(What you are asked to do) In the data below, one line contains "#245=ORIENTED_EDGE('',*,*,#244,.F.);" and a later one contains "#262=DIRECTION('',(1.,0.,0.));". Print both, with every line between them, exactly and alone.

"""

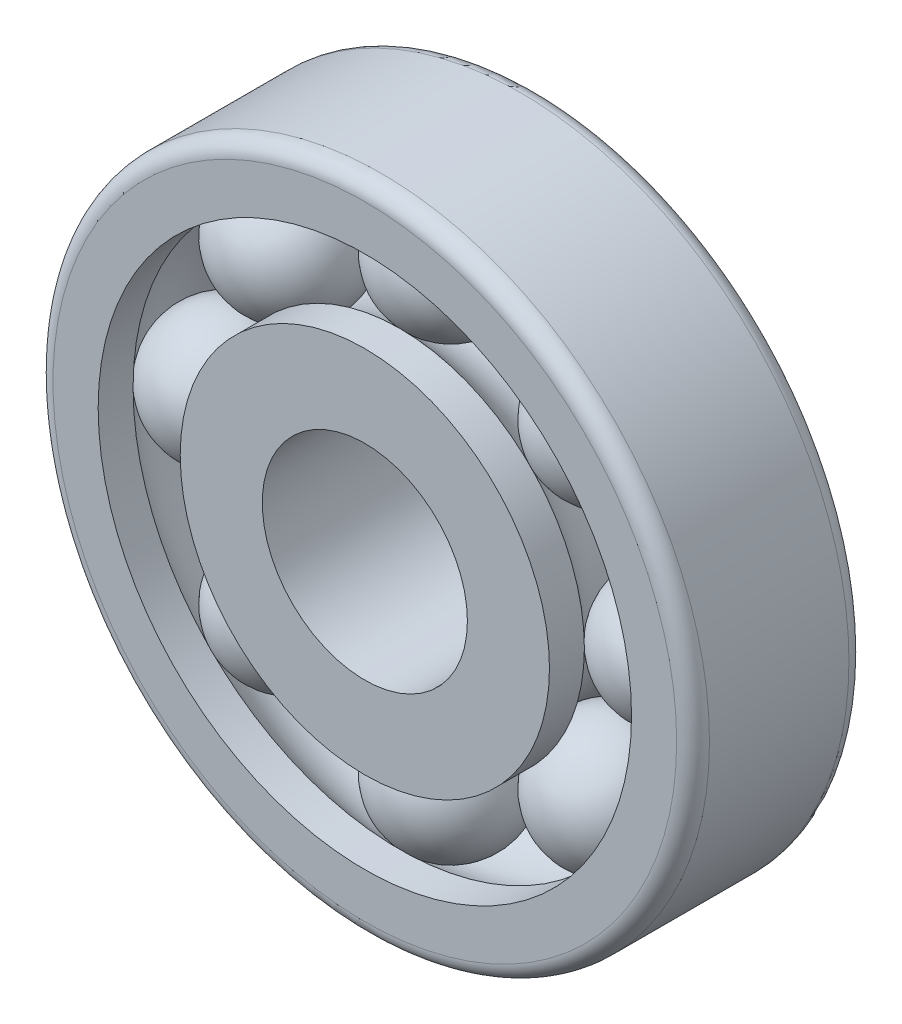
ISO-10303-21;
HEADER;
FILE_DESCRIPTION(('STEP AP214'),'2;1');
FILE_NAME('part.step','',(''),(''),'','','');
FILE_SCHEMA(('AUTOMOTIVE_DESIGN { 1 0 10303 214 1 1 1 1 }'));
ENDSEC;
DATA;
#1=APPLICATION_CONTEXT('core data for automotive mechanical design processes');
#2=APPLICATION_PROTOCOL_DEFINITION('international standard','automotive_design',2000,#1);
#3=PRODUCT_CONTEXT('',#1,'mechanical');
#4=PRODUCT('Part','Part','',(#3));
#5=PRODUCT_RELATED_PRODUCT_CATEGORY('part','',(#4));
#6=PRODUCT_DEFINITION_FORMATION('','',#4);
#7=PRODUCT_DEFINITION_CONTEXT('part definition',#1,'design');
#8=PRODUCT_DEFINITION('design','',#6,#7);
#9=PRODUCT_DEFINITION_SHAPE('','',#8);
#10=(LENGTH_UNIT() NAMED_UNIT(*) SI_UNIT(.MILLI.,.METRE.));
#11=(NAMED_UNIT(*) PLANE_ANGLE_UNIT() SI_UNIT($,.RADIAN.));
#12=(NAMED_UNIT(*) SI_UNIT($,.STERADIAN.) SOLID_ANGLE_UNIT());
#13=UNCERTAINTY_MEASURE_WITH_UNIT(LENGTH_MEASURE(1.E-05),#10,'distance_accuracy_value','');
#14=(GEOMETRIC_REPRESENTATION_CONTEXT(3) GLOBAL_UNCERTAINTY_ASSIGNED_CONTEXT((#13)) GLOBAL_UNIT_ASSIGNED_CONTEXT((#10,
#11,#12)) REPRESENTATION_CONTEXT('',''));
#15=CARTESIAN_POINT('',(0.,0.,0.));
#16=DIRECTION('',(0.,0.,1.));
#17=DIRECTION('',(1.,0.,0.));
#18=AXIS2_PLACEMENT_3D('',#15,#16,#17);
#19=CARTESIAN_POINT('',(19.4454364826303,-19.4454364826298,10.5));
#20=DIRECTION('',(0.,0.,-1.));
#21=DIRECTION('',(0.707106781186556,-0.707106781186539,0.));
#22=AXIS2_PLACEMENT_3D('',#19,#20,#21);
#23=SPHERICAL_SURFACE('',#22,8.);
#24=CARTESIAN_POINT('',(19.4454364826303,-19.4454364826298,2.50000000000001));
#25=VERTEX_POINT('',#24);
#26=VERTEX_LOOP('',#25);
#27=FACE_BOUND('',#26,.T.);
#28=ADVANCED_FACE('F52',(#27),#23,.T.);
#29=CLOSED_SHELL('',(#28));
#30=MANIFOLD_SOLID_BREP('B2',#29);
#31=CARTESIAN_POINT('',(2.88047210454559E-13,-27.5,10.5));
#32=DIRECTION('',(0.,0.,-1.));
#33=DIRECTION('',(0.,-1.,0.));
#34=AXIS2_PLACEMENT_3D('',#31,#32,#33);
#35=SPHERICAL_SURFACE('',#34,8.);
#36=CARTESIAN_POINT('',(2.88047210454559E-13,-27.5,2.50000000000001));
#37=VERTEX_POINT('',#36);
#38=VERTEX_LOOP('',#37);
#39=FACE_BOUND('',#38,.T.);
#40=ADVANCED_FACE('F73',(#39),#35,.T.);
#41=CLOSED_SHELL('',(#40));
#42=MANIFOLD_SOLID_BREP('B7',#41);
#43=CARTESIAN_POINT('',(-19.4454364826299,-19.4454364826302,10.5));
#44=DIRECTION('',(0.,0.,-1.));
#45=DIRECTION('',(-0.707106781186541,-0.707106781186554,0.));
#46=AXIS2_PLACEMENT_3D('',#43,#44,#45);
#47=SPHERICAL_SURFACE('',#46,8.);
#48=CARTESIAN_POINT('',(-19.4454364826299,-19.4454364826302,2.50000000000001));
#49=VERTEX_POINT('',#48);
#50=VERTEX_LOOP('',#49);
#51=FACE_BOUND('',#50,.T.);
#52=ADVANCED_FACE('F94',(#51),#47,.T.);
#53=CLOSED_SHELL('',(#52));
#54=MANIFOLD_SOLID_BREP('B48',#53);
#55=CARTESIAN_POINT('',(-27.5,0.,10.5));
#56=DIRECTION('',(0.,0.,-1.));
#57=DIRECTION('',(-1.,0.,0.));
#58=AXIS2_PLACEMENT_3D('',#55,#56,#57);
#59=SPHERICAL_SURFACE('',#58,8.);
#60=CARTESIAN_POINT('',(-27.5,0.,2.50000000000001));
#61=VERTEX_POINT('',#60);
#62=VERTEX_LOOP('',#61);
#63=FACE_BOUND('',#62,.T.);
#64=ADVANCED_FACE('F115',(#63),#59,.T.);
#65=CLOSED_SHELL('',(#64));
#66=MANIFOLD_SOLID_BREP('B69',#65);
#67=CARTESIAN_POINT('',(-19.4454364826302,19.44543648263,10.5));
#68=DIRECTION('',(0.,0.,-1.));
#69=DIRECTION('',(-0.707106781186551,0.707106781186544,0.));
#70=AXIS2_PLACEMENT_3D('',#67,#68,#69);
#71=SPHERICAL_SURFACE('',#70,8.);
#72=CARTESIAN_POINT('',(-19.4454364826302,19.44543648263,2.50000000000001));
#73=VERTEX_POINT('',#72);
#74=VERTEX_LOOP('',#73);
#75=FACE_BOUND('',#74,.T.);
#76=ADVANCED_FACE('F136',(#75),#71,.T.);
#77=CLOSED_SHELL('',(#76));
#78=MANIFOLD_SOLID_BREP('B90',#77);
#79=CARTESIAN_POINT('',(0.,27.5,10.5));
#80=DIRECTION('',(0.,0.,-1.));
#81=DIRECTION('',(0.,1.,0.));
#82=AXIS2_PLACEMENT_3D('',#79,#80,#81);
#83=SPHERICAL_SURFACE('',#82,8.);
#84=CARTESIAN_POINT('',(0.,27.5,2.50000000000001));
#85=VERTEX_POINT('',#84);
#86=VERTEX_LOOP('',#85);
#87=FACE_BOUND('',#86,.T.);
#88=ADVANCED_FACE('F157',(#87),#83,.T.);
#89=CLOSED_SHELL('',(#88));
#90=MANIFOLD_SOLID_BREP('B111',#89);
#91=CARTESIAN_POINT('',(19.44543648263,19.4454364826301,10.5));
#92=DIRECTION('',(0.,0.,-1.));
#93=DIRECTION('',(0.707106781186546,0.707106781186549,0.));
#94=AXIS2_PLACEMENT_3D('',#91,#92,#93);
#95=SPHERICAL_SURFACE('',#94,8.);
#96=CARTESIAN_POINT('',(19.44543648263,19.4454364826301,2.50000000000001));
#97=VERTEX_POINT('',#96);
#98=VERTEX_LOOP('',#97);
#99=FACE_BOUND('',#98,.T.);
#100=ADVANCED_FACE('F178',(#99),#95,.T.);
#101=CLOSED_SHELL('',(#100));
#102=MANIFOLD_SOLID_BREP('B132',#101);
#103=CARTESIAN_POINT('',(27.5,0.,10.5));
#104=DIRECTION('',(0.,0.,-1.));
#105=DIRECTION('',(1.,0.,0.));
#106=AXIS2_PLACEMENT_3D('',#103,#104,#105);
#107=SPHERICAL_SURFACE('',#106,8.);
#108=CARTESIAN_POINT('',(27.5,0.,2.50000000000001));
#109=VERTEX_POINT('',#108);
#110=VERTEX_LOOP('',#109);
#111=FACE_BOUND('',#110,.T.);
#112=ADVANCED_FACE('F201',(#111),#107,.T.);
#113=CLOSED_SHELL('',(#112));
#114=MANIFOLD_SOLID_BREP('B153',#113);
#115=CARTESIAN_POINT('',(0.,0.,21.));
#116=DIRECTION('',(0.,0.,-1.));
#117=DIRECTION('',(-1.,0.,0.));
#118=AXIS2_PLACEMENT_3D('',#115,#116,#117);
#119=CYLINDRICAL_SURFACE('',#118,22.5);
#120=CARTESIAN_POINT('',(0.,0.,16.7449979983984));
#121=DIRECTION('',(0.,0.,-1.));
#122=DIRECTION('',(-1.,0.,0.));
#123=AXIS2_PLACEMENT_3D('',#120,#121,#122);
#124=CIRCLE('',#123,22.5);
#125=CARTESIAN_POINT('',(-22.5,0.,16.7449979983984));
#126=VERTEX_POINT('',#125);
#127=EDGE_CURVE('E227',#126,#126,#124,.F.);
#128=ORIENTED_EDGE('',*,*,#127,.T.);
#129=EDGE_LOOP('',(#128));
#130=FACE_BOUND('',#129,.T.);
#131=CARTESIAN_POINT('',(0.,0.,21.));
#132=DIRECTION('',(0.,0.,1.));
#133=DIRECTION('',(1.,0.,0.));
#134=AXIS2_PLACEMENT_3D('',#131,#132,#133);
#135=CIRCLE('',#134,22.5);
#136=CARTESIAN_POINT('',(22.5,0.,21.));
#137=VERTEX_POINT('',#136);
#138=EDGE_CURVE('E200',#137,#137,#135,.T.);
#139=ORIENTED_EDGE('',*,*,#138,.F.);
#140=EDGE_LOOP('',(#139));
#141=FACE_BOUND('',#140,.T.);
#142=ADVANCED_FACE('F223',(#130,#141),#119,.T.);
#143=CARTESIAN_POINT('',(0.,0.,21.));
#144=DIRECTION('',(0.,0.,-1.));
#145=DIRECTION('',(-1.,0.,0.));
#146=AXIS2_PLACEMENT_3D('',#143,#144,#145);
#147=CYLINDRICAL_SURFACE('',#146,12.5);
#148=CARTESIAN_POINT('',(0.,0.,21.));
#149=DIRECTION('',(0.,0.,1.));
#150=DIRECTION('',(1.,0.,0.));
#151=AXIS2_PLACEMENT_3D('',#148,#149,#150);
#152=CIRCLE('',#151,12.5);
#153=CARTESIAN_POINT('',(12.5,0.,21.));
#154=VERTEX_POINT('',#153);
#155=EDGE_CURVE('E231',#154,#154,#152,.T.);
#156=ORIENTED_EDGE('',*,*,#155,.T.);
#157=EDGE_LOOP('',(#156));
#158=FACE_BOUND('',#157,.T.);
#159=CARTESIAN_POINT('',(0.,0.,0.));
#160=DIRECTION('',(0.,0.,1.));
#161=DIRECTION('',(1.,0.,0.));
#162=AXIS2_PLACEMENT_3D('',#159,#160,#161);
#163=CIRCLE('',#162,12.5);
#164=CARTESIAN_POINT('',(12.5,0.,0.));
#165=VERTEX_POINT('',#164);
#166=EDGE_CURVE('E239',#165,#165,#163,.T.);
#167=ORIENTED_EDGE('',*,*,#166,.F.);
#168=EDGE_LOOP('',(#167));
#169=FACE_BOUND('',#168,.T.);
#170=ADVANCED_FACE('F225',(#158,#169),#147,.F.);
#171=CARTESIAN_POINT('',(0.,0.,4.25500200160161));
#172=DIRECTION('',(0.,0.,1.));
#173=DIRECTION('',(1.,0.,0.));
#174=AXIS2_PLACEMENT_3D('',#171,#172,#173);
#175=CIRCLE('',#174,22.5);
#176=CARTESIAN_POINT('',(22.5,0.,4.25500200160161));
#177=VERTEX_POINT('',#176);
#178=EDGE_CURVE('E243',#177,#177,#175,.F.);
#179=ORIENTED_EDGE('',*,*,#178,.T.);
#180=EDGE_LOOP('',(#179));
#181=FACE_BOUND('',#180,.T.);
#182=CARTESIAN_POINT('',(0.,0.,0.));
#183=DIRECTION('',(0.,0.,1.));
#184=DIRECTION('',(1.,0.,0.));
#185=AXIS2_PLACEMENT_3D('',#182,#183,#184);
#186=CIRCLE('',#185,22.5);
#187=CARTESIAN_POINT('',(22.5,0.,0.));
#188=VERTEX_POINT('',#187);
#189=EDGE_CURVE('E236',#188,#188,#186,.T.);
#190=ORIENTED_EDGE('',*,*,#189,.T.);
#191=EDGE_LOOP('',(#190));
#192=FACE_BOUND('',#191,.T.);
#193=ADVANCED_FACE('F265',(#181,#192),#119,.T.);
#194=CARTESIAN_POINT('',(0.,0.,21.));
#195=DIRECTION('',(0.,0.,1.));
#196=DIRECTION('',(1.,0.,0.));
#197=AXIS2_PLACEMENT_3D('',#194,#195,#196);
#198=PLANE('',#197);
#199=ORIENTED_EDGE('',*,*,#155,.F.);
#200=EDGE_LOOP('',(#199));
#201=FACE_BOUND('',#200,.T.);
#202=ORIENTED_EDGE('',*,*,#138,.T.);
#203=EDGE_LOOP('',(#202));
#204=FACE_BOUND('',#203,.T.);
#205=ADVANCED_FACE('F260',(#201,#204),#198,.T.);
#206=CARTESIAN_POINT('',(0.,0.,0.));
#207=DIRECTION('',(0.,0.,1.));
#208=DIRECTION('',(1.,0.,0.));
#209=AXIS2_PLACEMENT_3D('',#206,#207,#208);
#210=PLANE('',#209);
#211=ORIENTED_EDGE('',*,*,#166,.T.);
#212=EDGE_LOOP('',(#211));
#213=FACE_BOUND('',#212,.T.);
#214=ORIENTED_EDGE('',*,*,#189,.F.);
#215=EDGE_LOOP('',(#214));
#216=FACE_BOUND('',#215,.T.);
#217=ADVANCED_FACE('F254',(#213,#216),#210,.F.);
#218=CARTESIAN_POINT('',(0.,0.,10.5));
#219=DIRECTION('',(0.,0.,1.));
#220=DIRECTION('',(1.,0.,0.));
#221=AXIS2_PLACEMENT_3D('',#218,#219,#220);
#222=TOROIDAL_SURFACE('',#221,27.5,8.);
#223=ORIENTED_EDGE('',*,*,#178,.F.);
#224=EDGE_LOOP('',(#223));
#225=FACE_BOUND('',#224,.T.);
#226=ORIENTED_EDGE('',*,*,#127,.F.);
#227=EDGE_LOOP('',(#226));
#228=FACE_BOUND('',#227,.T.);
#229=ADVANCED_FACE('F252',(#225,#228),#222,.F.);
#230=CLOSED_SHELL('',(#142,#170,#193,#205,#217,#229));
#231=MANIFOLD_SOLID_BREP('B174',#230);
#232=CARTESIAN_POINT('',(0.,0.,21.));
#233=DIRECTION('',(0.,0.,-1.));
#234=DIRECTION('',(-1.,0.,0.));
#235=AXIS2_PLACEMENT_3D('',#232,#233,#234);
#236=CYLINDRICAL_SURFACE('',#235,32.5);
#237=CARTESIAN_POINT('',(0.,0.,16.7449979983984));
#238=DIRECTION('',(0.,0.,-1.));
#239=DIRECTION('',(-1.,0.,0.));
#240=AXIS2_PLACEMENT_3D('',#237,#238,#239);
#241=CIRCLE('',#240,32.5);
#242=CARTESIAN_POINT('',(-32.5,0.,16.7449979983984));
#243=VERTEX_POINT('',#242);
#244=EDGE_CURVE('E345',#243,#243,#241,.F.);
#245=ORIENTED_EDGE('',*,*,#244,.F.);
#246=EDGE_LOOP('',(#245));
#247=FACE_BOUND('',#246,.T.);
#248=CARTESIAN_POINT('',(0.,0.,21.));
#249=DIRECTION('',(0.,0.,1.));
#250=DIRECTION('',(1.,0.,0.));
#251=AXIS2_PLACEMENT_3D('',#248,#249,#250);
#252=CIRCLE('',#251,32.5);
#253=CARTESIAN_POINT('',(32.5,0.,21.));
#254=VERTEX_POINT('',#253);
#255=EDGE_CURVE('E344',#254,#254,#252,.T.);
#256=ORIENTED_EDGE('',*,*,#255,.T.);
#257=EDGE_LOOP('',(#256));
#258=FACE_BOUND('',#257,.T.);
#259=ADVANCED_FACE('F320',(#247,#258),#236,.F.);
#260=CARTESIAN_POINT('',(0.,0.,4.25500200160161));
#261=DIRECTION('',(0.,0.,1.));
#262=DIRECTION('',(1.,0.,0.));
#263=AXIS2_PLACEMENT_3D('',#260,#261,#262);
#264=CIRCLE('',#263,32.5);
#265=CARTESIAN_POINT('',(32.5,0.,4.25500200160161));
#266=VERTEX_POINT('',#265);
#267=EDGE_CURVE('E350',#266,#266,#264,.F.);
#268=ORIENTED_EDGE('',*,*,#267,.F.);
#269=EDGE_LOOP('',(#268));
#270=FACE_BOUND('',#269,.T.);
#271=CARTESIAN_POINT('',(0.,0.,0.));
#272=DIRECTION('',(0.,0.,1.));
#273=DIRECTION('',(1.,0.,0.));
#274=AXIS2_PLACEMENT_3D('',#271,#272,#273);
#275=CIRCLE('',#274,32.5);
#276=CARTESIAN_POINT('',(32.5,0.,0.));
#277=VERTEX_POINT('',#276);
#278=EDGE_CURVE('E349',#277,#277,#275,.T.);
#279=ORIENTED_EDGE('',*,*,#278,.F.);
#280=EDGE_LOOP('',(#279));
#281=FACE_BOUND('',#280,.T.);
#282=ADVANCED_FACE('F374',(#270,#281),#236,.F.);
#283=CARTESIAN_POINT('',(0.,0.,21.));
#284=DIRECTION('',(0.,0.,-1.));
#285=DIRECTION('',(-1.,0.,0.));
#286=AXIS2_PLACEMENT_3D('',#283,#284,#285);
#287=CYLINDRICAL_SURFACE('',#286,40.);
#288=CARTESIAN_POINT('',(0.,0.,19.));
#289=DIRECTION('',(0.,0.,1.));
#290=DIRECTION('',(1.,0.,0.));
#291=AXIS2_PLACEMENT_3D('',#288,#289,#290);
#292=CIRCLE('',#291,40.);
#293=CARTESIAN_POINT('',(40.,0.,19.));
#294=VERTEX_POINT('',#293);
#295=EDGE_CURVE('E328',#294,#294,#292,.F.);
#296=ORIENTED_EDGE('',*,*,#295,.T.);
#297=EDGE_LOOP('',(#296));
#298=FACE_BOUND('',#297,.T.);
#299=CARTESIAN_POINT('',(0.,0.,2.));
#300=DIRECTION('',(0.,0.,1.));
#301=DIRECTION('',(1.,0.,0.));
#302=AXIS2_PLACEMENT_3D('',#299,#300,#301);
#303=CIRCLE('',#302,40.);
#304=CARTESIAN_POINT('',(40.,0.,2.));
#305=VERTEX_POINT('',#304);
#306=EDGE_CURVE('E333',#305,#305,#303,.T.);
#307=ORIENTED_EDGE('',*,*,#306,.T.);
#308=EDGE_LOOP('',(#307));
#309=FACE_BOUND('',#308,.T.);
#310=ADVANCED_FACE('F365',(#298,#309),#287,.T.);
#311=CARTESIAN_POINT('',(0.,0.,21.));
#312=DIRECTION('',(0.,0.,1.));
#313=DIRECTION('',(1.,0.,0.));
#314=AXIS2_PLACEMENT_3D('',#311,#312,#313);
#315=PLANE('',#314);
#316=CARTESIAN_POINT('',(0.,0.,21.));
#317=DIRECTION('',(0.,0.,1.));
#318=DIRECTION('',(1.,0.,0.));
#319=AXIS2_PLACEMENT_3D('',#316,#317,#318);
#320=CIRCLE('',#319,38.);
#321=CARTESIAN_POINT('',(38.,0.,21.));
#322=VERTEX_POINT('',#321);
#323=EDGE_CURVE('E338',#322,#322,#320,.T.);
#324=ORIENTED_EDGE('',*,*,#323,.T.);
#325=EDGE_LOOP('',(#324));
#326=FACE_BOUND('',#325,.T.);
#327=ORIENTED_EDGE('',*,*,#255,.F.);
#328=EDGE_LOOP('',(#327));
#329=FACE_BOUND('',#328,.T.);
#330=ADVANCED_FACE('F362',(#326,#329),#315,.T.);
#331=CARTESIAN_POINT('',(0.,0.,0.));
#332=DIRECTION('',(0.,0.,1.));
#333=DIRECTION('',(1.,0.,0.));
#334=AXIS2_PLACEMENT_3D('',#331,#332,#333);
#335=PLANE('',#334);
#336=CARTESIAN_POINT('',(0.,0.,0.));
#337=DIRECTION('',(0.,0.,1.));
#338=DIRECTION('',(1.,0.,0.));
#339=AXIS2_PLACEMENT_3D('',#336,#337,#338);
#340=CIRCLE('',#339,38.);
#341=CARTESIAN_POINT('',(38.,0.,0.));
#342=VERTEX_POINT('',#341);
#343=EDGE_CURVE('E222',#342,#342,#340,.F.);
#344=ORIENTED_EDGE('',*,*,#343,.T.);
#345=EDGE_LOOP('',(#344));
#346=FACE_BOUND('',#345,.T.);
#347=ORIENTED_EDGE('',*,*,#278,.T.);
#348=EDGE_LOOP('',(#347));
#349=FACE_BOUND('',#348,.T.);
#350=ADVANCED_FACE('F364',(#346,#349),#335,.F.);
#351=CARTESIAN_POINT('',(0.,0.,10.5));
#352=DIRECTION('',(0.,0.,1.));
#353=DIRECTION('',(1.,0.,0.));
#354=AXIS2_PLACEMENT_3D('',#351,#352,#353);
#355=TOROIDAL_SURFACE('',#354,27.5,8.);
#356=ORIENTED_EDGE('',*,*,#244,.T.);
#357=EDGE_LOOP('',(#356));
#358=FACE_BOUND('',#357,.T.);
#359=ORIENTED_EDGE('',*,*,#267,.T.);
#360=EDGE_LOOP('',(#359));
#361=FACE_BOUND('',#360,.T.);
#362=ADVANCED_FACE('F372',(#358,#361),#355,.F.);
#363=CARTESIAN_POINT('',(0.,0.,19.));
#364=DIRECTION('',(0.,0.,1.));
#365=DIRECTION('',(1.,0.,0.));
#366=AXIS2_PLACEMENT_3D('',#363,#364,#365);
#367=TOROIDAL_SURFACE('',#366,38.,2.);
#368=ORIENTED_EDGE('',*,*,#295,.F.);
#369=EDGE_LOOP('',(#368));
#370=FACE_BOUND('',#369,.T.);
#371=ORIENTED_EDGE('',*,*,#323,.F.);
#372=EDGE_LOOP('',(#371));
#373=FACE_BOUND('',#372,.T.);
#374=ADVANCED_FACE('F385',(#370,#373),#367,.T.);
#375=CARTESIAN_POINT('',(0.,0.,2.));
#376=DIRECTION('',(0.,0.,1.));
#377=DIRECTION('',(1.,0.,0.));
#378=AXIS2_PLACEMENT_3D('',#375,#376,#377);
#379=TOROIDAL_SURFACE('',#378,38.,2.);
#380=ORIENTED_EDGE('',*,*,#343,.F.);
#381=EDGE_LOOP('',(#380));
#382=FACE_BOUND('',#381,.T.);
#383=ORIENTED_EDGE('',*,*,#306,.F.);
#384=EDGE_LOOP('',(#383));
#385=FACE_BOUND('',#384,.T.);
#386=ADVANCED_FACE('F322',(#382,#385),#379,.T.);
#387=CLOSED_SHELL('',(#259,#282,#310,#330,#350,#362,#374,#386));
#388=MANIFOLD_SOLID_BREP('B195',#387);
#389=ADVANCED_BREP_SHAPE_REPRESENTATION('',(#18,#30,#42,#54,#66,#78,#90,#102,#114,#231,#388),#14);
#390=SHAPE_DEFINITION_REPRESENTATION(#9,#389);
ENDSEC;
END-ISO-10303-21;

"""

(Answer section)
#245=ORIENTED_EDGE('',*,*,#244,.F.);
#246=EDGE_LOOP('',(#245));
#247=FACE_BOUND('',#246,.T.);
#248=CARTESIAN_POINT('',(0.,0.,21.));
#249=DIRECTION('',(0.,0.,1.));
#250=DIRECTION('',(1.,0.,0.));
#251=AXIS2_PLACEMENT_3D('',#248,#249,#250);
#252=CIRCLE('',#251,32.5);
#253=CARTESIAN_POINT('',(32.5,0.,21.));
#254=VERTEX_POINT('',#253);
#255=EDGE_CURVE('E344',#254,#254,#252,.T.);
#256=ORIENTED_EDGE('',*,*,#255,.T.);
#257=EDGE_LOOP('',(#256));
#258=FACE_BOUND('',#257,.T.);
#259=ADVANCED_FACE('F320',(#247,#258),#236,.F.);
#260=CARTESIAN_POINT('',(0.,0.,4.25500200160161));
#261=DIRECTION('',(0.,0.,1.));
#262=DIRECTION('',(1.,0.,0.));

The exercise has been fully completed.